> [Task statement]: Go through the data below and work out how many lines contain "width"; the answer is the number alone.

> [Excerpts from a dataset]:
+ + + + +

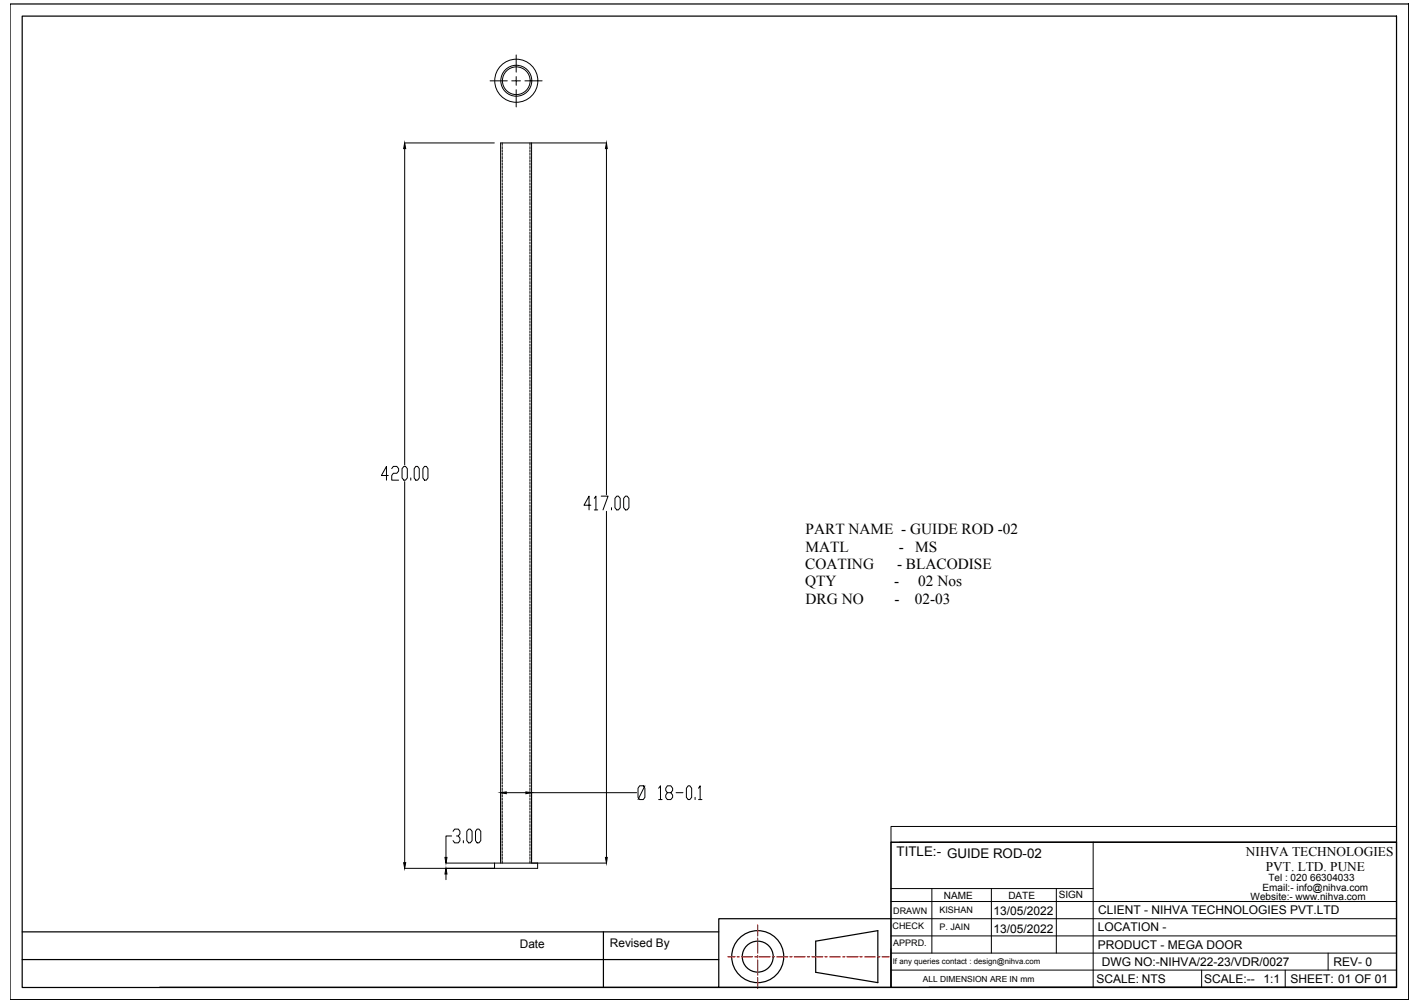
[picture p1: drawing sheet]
<svg xmlns="http://www.w3.org/2000/svg" width="297mm" height="210mm" viewBox="0 0 297 210" stroke-linecap="round" stroke-linejoin="round" font-family="sans-serif">
<!-- layer: 0 -->
<g fill="none" stroke="#000" stroke-width=".21">
<path d="M102.5 16.9h3.6M108 16v.9h-1M108 11.5v3.6M108 18.8v3.6M108.9 16.9h-.9v1M109.8 16.9h3.6M84.7 29.9h18.7M84.7 31.1v66.2M105.1 29.9v.5M105.1 30.7v.4M105.1 31.4v.4M105.1 32v.5"/>
<path d="M105.1 32.8v.4M105.1 33.4v.5M105.1 34.1v.5M105.1 34.8v.4M105.1 35.5v.5M105.1 36.2v.4M105.1 36.9v.4M105.1 37.6v.4M105.1 38.3v.4M105.1 38.9v.5M105.1 39.6v.5M110.9 29.9v.5"/>
<path d="M110.9 30.7v.4M110.9 31.4v.4M110.9 32v.5M110.9 32.8v.4M110.9 33.4v.5M110.9 34.1v.5M110.9 34.8v.4M110.9 35.5v.5M110.9 36.2v.4M110.9 36.9v.4M110.9 37.6v.4M110.9 38.3v.4"/>
<path d="M110.9 38.9v.5M110.9 39.6v.5M111.2 29.9h15.7M126.9 31.1v72.4M105.1 40.3v.5M105.1 41v.5M105.1 41.7v.4M105.1 42.4v.4M105.1 43.1v.4M105.1 43.8v.4M105.1 44.4v.5M105.1 45.1v.5"/>
<path d="M105.1 45.8v.5M105.1 46.5v.5M105.1 47.2v.5M105.1 47.9v.4M105.1 48.6v.5M105.1 49.3v.4M105.1 49.9v.5M105.1 50.7v.4M105.1 51.3v.5M105.1 52v.5M105.1 52.7v.5M105.1 53.4v.5"/>
<path d="M105.1 54.1v.5M105.1 54.8v.4M105.1 55.4v.5M105.1 56.2v.4M105.1 56.8v.5M105.1 57.5v.5M105.1 58.2v.5M105.1 58.9v.5M105.1 59.6v.5M110.9 40.3v.5M110.9 41v.5M110.9 41.7v.4"/>
<path d="M110.9 42.4v.4M110.9 43.1v.4M110.9 43.8v.4M110.9 44.4v.5M110.9 45.1v.5M110.9 45.8v.5M110.9 46.5v.5M110.9 47.2v.5M110.9 47.9v.4M110.9 48.6v.5M110.9 49.3v.4M110.9 49.9v.5"/>
<path d="M110.9 50.7v.4M110.9 51.3v.5M110.9 52v.5M110.9 52.7v.5M110.9 53.4v.5M110.9 54.1v.5M110.9 54.8v.4M110.9 55.4v.5M110.9 56.2v.4M110.9 56.8v.5M110.9 57.5v.5M110.9 58.2v.5"/>
<path d="M110.9 58.9v.5M110.9 59.6v.5M105.1 60.3v.4M105.1 61v.4M105.1 61.7v.4M105.1 62.3v.5M105.1 63v.5M105.1 63.7v.5M105.1 64.4v.5M105.1 65.1v.5M105.1 65.8v.4M105.1 66.5v.5"/>
<path d="M105.1 67.2v.4M105.1 67.8v.5M105.1 68.6v.4M105.1 69.2v.5M105.1 69.9v.5M105.1 70.6v.5M105.1 71.3v.4M105.1 72v.5M105.1 72.7v.4M105.1 73.3v.5M105.1 74.1v.4M105.1 74.7v.5"/>
<path d="M105.1 75.4v.5M105.1 76.1v.5M105.1 76.8v.5M105.1 77.5v.5M105.1 78.2v.4M105.1 78.9v.4M105.1 79.6v.4M110.9 60.3v.4M110.9 61v.4M110.9 61.7v.4M110.9 62.3v.5M110.9 63v.5"/>
<path d="M110.9 63.7v.5M110.9 64.4v.5M110.9 65.1v.5M110.9 65.8v.4M110.9 66.5v.5M110.9 67.2v.4M110.9 67.8v.5M110.9 68.6v.4M110.9 69.2v.5M110.9 69.9v.5M110.9 70.6v.5M110.9 71.3v.4"/>
<path d="M110.9 72v.5M110.9 72.7v.4M110.9 73.3v.5M110.9 74.1v.4M110.9 74.7v.5M110.9 75.4v.5M110.9 76.1v.5M110.9 76.8v.5M110.9 77.5v.5M110.9 78.2v.4M110.9 78.9v.4M110.9 79.6v.4"/>
<path d="M81.2 99.5h-1.4l1-1.9v2.9M81.9 98.1l.4-.5h.7l.4 .5v.5l-.4 .4h-.7l-.4 .5v1h1.5M84.5 97.6h.3l.4 .5v1.9l-.4 .5h-.3l-.4-.5v-1.9zM87 97.6h.4l.3 .5v1.9l-.3 .5h-.4l-.4-.5v-1.9zM88.8 97.6h.4l.3 .5v1.9l-.3 .5h-.4l-.3-.5v-1.9zM105.1 80.2v.5M105.1 80.9v.5M105.1 81.6v.5M105.1 82.3v.5M105.1 83v.5M105.1 83.7v.4M105.1 84.4v.4"/>
<path d="M105.1 85.1v.4M105.1 85.8v.4M105.1 86.4v.5M105.1 87.2v.4M105.1 87.8v.5M105.1 88.5v.5M105.1 89.2v.4M105.1 89.9v.5M105.1 90.6v.4M105.1 91.3v.4M105.1 92v.4M105.1 92.7v.4"/>
<path d="M105.1 93.3v.5M105.1 94v.5M105.1 94.7v.5M105.1 95.4v.5M105.1 96.1v.4M105.1 96.8v.4M105.1 97.5v.4M105.1 98.2v.4M105.1 98.8v.5M105.1 99.6v.4M110.9 80.2v.5M110.9 80.9v.5"/>
<path d="M110.9 81.6v.5M110.9 82.3v.5M110.9 83v.5M110.9 83.7v.4M110.9 84.4v.4M110.9 85.1v.4M110.9 85.8v.4M110.9 86.4v.5M110.9 87.2v.4M110.9 87.8v.5M110.9 88.5v.5M110.9 89.2v.4"/>
<path d="M110.9 89.9v.5M110.9 90.6v.4M110.9 91.3v.4M110.9 92v.4M110.9 92.7v.4M110.9 93.3v.5M110.9 94v.5M110.9 94.7v.5M110.9 95.4v.5M110.9 96.1v.4M110.9 96.8v.4M110.9 97.5v.4"/>
<path d="M110.9 98.2v.4M110.9 98.8v.5M110.9 99.6v.4M84.7 100.8v79.7M85.9 100v.5M105.1 100.2v.5M105.1 100.9v.5M105.1 101.6v.5M105.1 102.3v.4M105.1 103v.4M105.1 103.7v.4M105.1 104.3v.5"/>
<path d="M105.1 105.1v.4M105.1 105.7v.5M105.1 106.4v.5M105.1 107.1v.5M105.1 107.8v.5M105.1 108.5v.5M105.1 109.2v.4M105.1 109.8v.5M105.1 110.6v.4M105.1 111.2v.5M105.1 111.9v.5M105.1 112.6v.5"/>
<path d="M105.1 113.3v.5M105.1 114v.5M105.1 114.7v.4M105.1 115.4v.4M105.1 116.1v.4M105.1 116.7v.5M105.1 117.4v.5M105.1 118.1v.5M105.1 118.8v.5M105.1 119.5v.5M110.9 100.2v.5M110.9 100.9v.5"/>
<path d="M110.9 101.6v.5M110.9 102.3v.4M110.9 103v.4M110.9 103.7v.4M110.9 104.3v.5M110.9 105.1v.4M110.9 105.7v.5M110.9 106.4v.5M110.9 107.1v.5M110.9 107.8v.5M110.9 108.5v.5M110.9 109.2v.4"/>
<path d="M110.9 109.8v.5M110.9 110.6v.4M110.9 111.2v.5M110.9 111.9v.5M110.9 112.6v.5M110.9 113.3v.5M110.9 114v.5M110.9 114.7v.4M110.9 115.4v.4M110.9 116.1v.4M110.9 116.7v.5M110.9 117.4v.5"/>
<path d="M110.9 118.1v.5M110.9 118.8v.5M110.9 119.5v.5M123.6 105.7h-1.4l1-1.9v2.9M124.3 104.3l.4-.5v2.9M124.3 106.7h.7M125.8 103.8h1.4l-1.1 2.9M126.9 107v72.4M127.9 106.2v.5M129 103.8h.4l.3 .5v1.9l-.3 .5h-.4l-.4-.5v-1.9zM130.8 103.8h.4l.4 .5v1.9l-.4 .5h-.4l-.3-.5v-1.9zM105.1 120.2v.4"/>
<path d="M105.1 120.9v.5M105.1 121.6v.4M105.1 122.2v.5M105.1 123v.4M105.1 123.6v.5M105.1 124.3v.5M105.1 125v.5M105.1 125.7v.4M105.1 126.4v.5M105.1 127.1v.4M105.1 127.7v.5M105.1 128.5v.4"/>
<path d="M105.1 129.1v.5M105.1 129.8v.5M105.1 130.5v.5M105.1 131.2v.5M105.1 131.9v.5M105.1 132.6v.4M105.1 133.3v.4M105.1 134v.4M105.1 134.6v.5M105.1 135.3v.5M105.1 136v.5M105.1 136.7v.5"/>
<path d="M105.1 137.4v.5M105.1 138.1v.4M105.1 138.8v.5M105.1 139.5v.4M110.9 120.2v.4M110.9 120.9v.5M110.9 121.6v.4M110.9 122.2v.5M110.9 123v.4M110.9 123.6v.5M110.9 124.3v.5M110.9 125v.5"/>
<path d="M110.9 125.7v.4M110.9 126.4v.5M110.9 127.1v.4M110.9 127.7v.5M110.9 128.5v.4M110.9 129.1v.5M110.9 129.8v.5M110.9 130.5v.5M110.9 131.2v.5M110.9 131.9v.5M110.9 132.6v.4M110.9 133.3v.4"/>
<path d="M110.9 134v.4M110.9 134.6v.5M110.9 135.3v.5M110.9 136v.5M110.9 136.7v.5M110.9 137.4v.5M110.9 138.1v.4M110.9 138.8v.5M110.9 139.5v.4M105.1 140.2v.4M105.1 140.8v.5M105.1 141.5v.5"/>
<path d="M105.1 142.2v.5M105.1 142.9v.5M105.1 143.6v.4M105.1 144.3v.5M105.1 145v.4M105.1 145.7v.4M105.1 146.4v.4M105.1 147.1v.4M105.1 147.7v.5M105.1 148.4v.5M105.1 149.1v.5M105.1 149.8v.5"/>
<path d="M105.1 150.5v.4M105.1 151.2v.4M105.1 151.9v.4M105.1 152.6v.4M105.1 153.2v.5M105.1 154v.4M105.1 154.6v.5M105.1 155.3v.5M105.1 156v.4M105.1 156.7v.4M105.1 157.4v.4M105.1 158.1v.4"/>
<path d="M105.1 158.7v.5M105.1 159.5v.4M110.9 140.2v.4M110.9 140.8v.5M110.9 141.5v.5M110.9 142.2v.5M110.9 142.9v.5M110.9 143.6v.4M110.9 144.3v.5M110.9 145v.4M110.9 145.7v.4M110.9 146.4v.4"/>
<path d="M110.9 147.1v.4M110.9 147.7v.5M110.9 148.4v.5M110.9 149.1v.5M110.9 149.8v.5M110.9 150.5v.4M110.9 151.2v.4M110.9 151.9v.4M110.9 152.6v.4M110.9 153.2v.5M110.9 154v.4M110.9 154.6v.5"/>
<path d="M110.9 155.3v.5M110.9 156v.4M110.9 156.7v.4M110.9 157.4v.4M110.9 158.1v.4M110.9 158.7v.5M110.9 159.5v.4M94.5 174.9h-1.2v4.5M94.8 174l.3-.5h.8l.3 .5v.5l-.3 .4h-.4M95.9 174.9l.3 .5v.5l-.3 .5h-.8l-.3-.5M96.9 175.9v.5M98 173.5h.4l.3 .5v1.9l-.3 .5h-.4l-.4-.5v-1.9z"/>
<path d="M99.8 173.5h.4l.4 .5v1.9l-.4 .5h-.4l-.3-.5v-1.9zM105.1 160.1v.5M105.1 160.8v.5M105.1 161.5v.5M105.1 162.2v.5M105.1 162.9v.5M105.1 163.6v.4M105.1 164.3v.4M105.1 165v.4M105.1 165.6v.5M105.1 166.3v.5M105.1 167v.5"/>
<path d="M105.1 167.7v.5M105.1 168.4v.5M105.1 169.1v.4M105.1 169.8v.4M105.1 170.5v.4M105.1 171.1v.5M105.1 171.8v.5M105.1 172.5v.5M105.1 173.2v.5M105.1 173.9v.5M105.1 174.6v.4M105.1 175.3v.5"/>
<path d="M105.1 176v.4M105.1 176.6v.5M105.1 177.4v.4M105.1 178v.5M105.1 178.7v.5M105.1 179.4v.5M105.9 165.9h4.1M110.9 160.1v.5M110.9 160.8v.5M110.9 161.5v.5M110.9 162.2v.5M110.9 162.9v.5"/>
<path d="M110.9 163.6v.4M110.9 164.3v.4M110.9 165v.4M110.9 165.6v.5M110.9 166.3v.5M110.9 167v.5M110.9 167.7v.5M110.9 168.4v.5M110.9 169.1v.4M110.9 169.8v.4M110.9 170.5v.4M110.9 171.1v.5"/>
<path d="M110.9 171.8v.5M110.9 172.5v.5M110.9 173.2v.5M110.9 173.9v.5M110.9 174.6v.4M110.9 175.3v.5M110.9 176v.4M110.9 176.6v.5M110.9 177.4v.4M110.9 178v.5M110.9 178.7v.5M110.9 179.4v.5"/>
<path d="M111.2 165.9h22M133.8 164.5h.8l.3 .5v1.9l-.3 .4h-.8l-.3-.4v-1.9zM134.9 164.5l-1.4 2.8M137.8 165l.4-.5v2.8M137.8 167.3h.7M139.6 165.9l-.3-.5v-.4l.3-.5h.7l.4 .5v.4l-.4 .5h-.7l-.3 .5v.5l.3 .4h.7l.4-.4v-.5l-.4-.5M141.4 165.9h1.5M144 164.5h.3l.4 .5v1.9l-.4 .4h-.3l-.4-.4v-1.9zM145.4 166.9v.4M146.1 165l.4-.5v2.8M146.1 167.3h.7M186.4 173h105.7v3.3h-105.7z"/>
<path d="M186.4 176.3v30.3M188.2 176.3h103.9M228.7 176.3v30.3M93.3 180.6h33.6M93.3 182.9v1.2M103.4 180.6v1.1M104.7 180.6v-150.7h6.5v150.7M105.1 180.1v.5M110.9 180.1v.5M112.5 180.6v1.1h-27.8M186.4 199.5h105.7M186.4 195.9h105.7"/>
<path d="M186.4 192.3h105.7M186.4 188.7h105.7M186.4 186h42.3M194.9 186v13.5M207.4 186v13.5M221 186v13.5M277.8 199.5v3.5M186.4 203h105.7M251.4 203v3.6M268.8 203v3.6"/>
<circle cx="108" cy="16.9" r="4.5"/>
<circle cx="108" cy="16.9" r="3.2"/>
<circle cx="108" cy="16.9" r="2.9"/>
</g>
<path d="M84.7 29.9l.2 1.2h-.5zM126.9 29.9l.1 1.2h-.4zM93.1 179.4h.4l-.2 1.2zM104.7 165.9l1.2-.2v.4zM110 165.7l1.2 .2-1.2 .2zM126.6 179.4h.4l-.1 1.2zM84.4 180.5h.5l-.2 1.2zM93.3 181.7l.2 1.2h-.4z" fill="#000" stroke="#000" stroke-width=".21"/>
<g fill="none" stroke="#000" stroke-width=".25">
<path d="M2.1 .8h292.6v208.4h-292.6zM4.6 3.4h287.5v203.3h-287.5zM186.4 176.3h105.7v30.3h-105.7zM4.6 195h145.8M126.2 195v11.7M170.6 197l13-2.2v10.8l-13-2.1zM186.4 192.3h-36v14.3h-117M4.6 200.8h145.8M150.4 206.6h36M194.3 206.6h97.8"/>
<circle cx="158.5" cy="200.2" r="5.4"/>
<circle cx="158.5" cy="200.2" r="3.2"/>
</g>
<g fill="none" stroke="#f00" stroke-width=".25">
<path d="M158.5 193.6v2.3M158.5 196.3v.5M158.5 197.2v2.3M158.5 200v.4M152.3 200.2h1.4M154.2 200.2h.5M155.1 200.2h2.3M157.9 200.2h.5M158.5 200.9v2.3M158.5 203.7v.4M158.5 204.6v2.3M158.8 200.2h2.3"/>
<path d="M161.6 200.2h.4M162.5 200.2h2.3M165.2 200.2h.5M166.1 200.2h2.3M168.9 200.2h.5M169.8 200.2h2.3M172.6 200.2h.4M173.5 200.2h2.3M176.3 200.2h.4M177.2 200.2h2.3M179.9 200.2h.5M180.8 200.2h2.3"/>
<path d="M183.6 200.2h.5M184.5 200.2h1.5"/>
</g>
<g font-size="3.2">
<text x="168.5" y="111.8">PART NAME - GUIDE ROD -02</text>
<text x="168.4" y="119.1">COATING</text>
<text x="168.5" y="115.5">MATL</text>
<text x="187.6" y="119.1">- BLACODISE</text>
<text x="188" y="115.5">-</text>
<text x="191.5" y="115.5">MS</text>
<text x="168.4" y="122.7">QTY</text>
<text x="187" y="122.7">-</text>
<text x="192.1" y="122.7">02 Nos</text>
<text x="168.5" y="126.3">DRG NO</text>
<text x="187.1" y="126.3">-</text>
<text x="191.4" y="126.3">02-03</text>
</g>
<g font-size="2.8">
<text x="187.6" y="179.2">TITLE:- GUIDE ROD-02</text>
<text x="260.6" y="179.1">NIHVA TECHNOLOGIES</text>
<text x="264.8" y="182.3">PVT. LTD. PUNE</text>
</g>
<g font-size="2.5">
<text x="207.8" y="191.6">13/05/2022</text>
<text x="229.7" y="191.3">CLIENT - NIHVA TECHNOLOGIES PVT.LTD</text>
<text x="207.8" y="195.2">13/05/2022</text>
<text x="229.6" y="194.9">LOCATION -</text>
<text x="108.7" y="198.5">Date</text>
<text x="127.6" y="198.2">Revised By</text>
<text x="229.6" y="198.5">PRODUCT - MEGA DOOR</text>
<text x="230.5" y="202.1">DWG NO:-NIHVA/22-23/VDR/0027</text>
<text x="279" y="202.1">REV- 0</text>
<text x="229.3" y="205.7">SCALE: NTS</text>
<text x="251.9" y="205.7">SCALE:--</text>
<text x="264.3" y="205.7">1:1</text>
<text x="269.9" y="205.7">SHEET: 01 OF 01</text>
</g>
<g font-size="2.1">
<text x="265.3" y="184.4">Tel : 020 66304033</text>
<text x="197.4" y="188.1">NAME</text>
<text x="210.9" y="188.2">DATE</text>
<text x="221.5" y="188">SIGN</text>
<text x="261.6" y="188.4">Website:- www.nihva.com</text>
<text x="264.1" y="186.5">Email:- info@nihva.com</text>
</g>
<g font-size="1.9">
<text x="186.8" y="191.2">DRAWN</text>
<text x="196.5" y="191.1">KISHAN</text>
<text x="186.7" y="194.4">CHECK</text>
<text x="186.8" y="198">APPRD.</text>
<text x="196.5" y="194.7">P. JAIN</text>
</g>
<text font-size="1.8" x="193" y="205.4">ALL DIMENSION ARE IN mm</text>
<text font-size="1.6" x="186.8" y="201.7">If any queries contact : design@nihva.com</text>
</svg>

+ + + + +

> [Task response]: 5